The Ronald River (Rivière Ronald) is a river in the Côte-Nord region of Quebec, Canada. It is a left tributary of the MacDonald River.

==Location==

The Ronald River is the Sept-Rivières Regional County Municipality, Côte-Nord, Québec, Canada.
It is in a region with Köppen climate classification Dfc (Subarctic climate).
It is a tributary of the Rivière MacDonald, which in turn is a tributary of the Rivière aux Rochers.
The river is used by salmon.
It will be completely contained within the proposed Lake Walker National Park.
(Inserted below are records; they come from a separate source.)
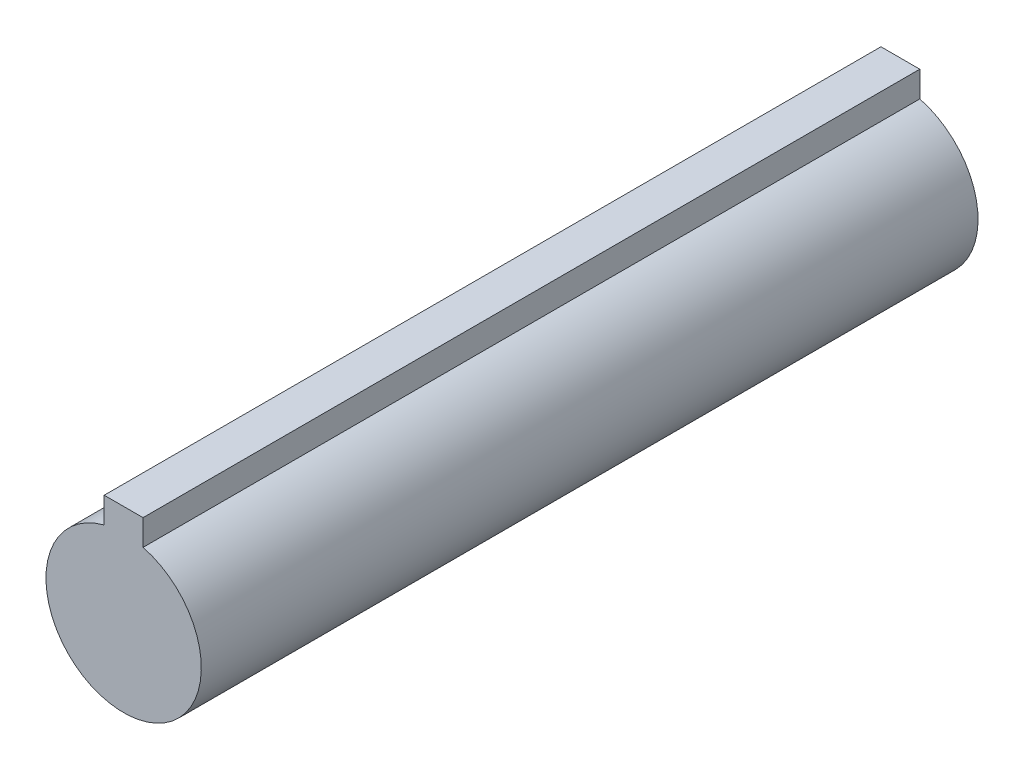
SolidWorks part; units mm, degrees
ref_plane "Front Plane" through (0, 0, 0) normal (0, 0, 1) x (1, 0, 0)
ref_plane "Top Plane" through (0, 0, 0) normal (0, 1, 0) x (1, 0, 0)
ref_plane "Right Plane" through (0, 0, 0) normal (1, 0, 0) x (0, 0, -1)
sketch "Sketch1" plane through (0, 0, 0) normal (0, 0, 1) x (1, 0, 0)
  line L2 (2.5, 9.6825) -> (2.5, 13)
  line L3 (-2.5, 9.6825) -> (-2.5, 13)
  line L4 (-2.5, 13) -> (2.5, 13)
  arc A0 (-2.5, 9.6825) -> (2.5, 9.6825) centre (0, 0) ccw
  point P5 (0, 0)
extrude "Boss-Extrude1" add sketch "Sketch1" along normal mid plane 100

The river basin covers 128 km2.
The valley is 21 km long and is fed from lakes such as Desrosiers, Gaudreault, Rosaire and Fraser.
Lac Fraser is oriented with the axis of the river valley at its head.
The average elevation of the upper section is 256 m.
It may be accessed by a 2.5 km trail for off-road vehicles.

As of 2013 fishing for atlantic salmon was prohibited year round.
Fishing for other species was restricted to fly fishing, and was allowed from mid-May to early September.

==Course==

The upper part of the river has a series of short flat stretches alternating with sloping sections.
The upper section of the river runs through a narrow valley in a NNE-SSW direction, cutting through a hilly plateau.
The river follows many fractures in the bedrock and structural depressions, and also has winding or rectilinear thalwegs.
Lower down after crossing a rocky threshold the valley broadens into a trough-shaped glacial valley, still oriented NNE-SSW due to the structure of this part of the Laurentian shield.
The river becomes more regular, and meanders through glacial materials that it has modified and redistributed over the valley floor.
The flanks of the valley are steep, particularly on the east side.

==Geology==

The Ronald River Valley and the hills to the east have a few gneiss enclaves, which differ from gneisses found elsewhere in the park in having pyroxenes associated with amphibole and biotite, forming minute rust spots.
Thick deposits identified as sections of moraine have been identified along the Ronald River.
There fluvio-glacial deposits would have been torn off and transported by the glacier, then deposited in separate layers by meltwater.
There are scattered accumulations of glacial deposits from dead-ice moraines along hanging valleys such as North Manikis Creek, east of the Ronald River Valley.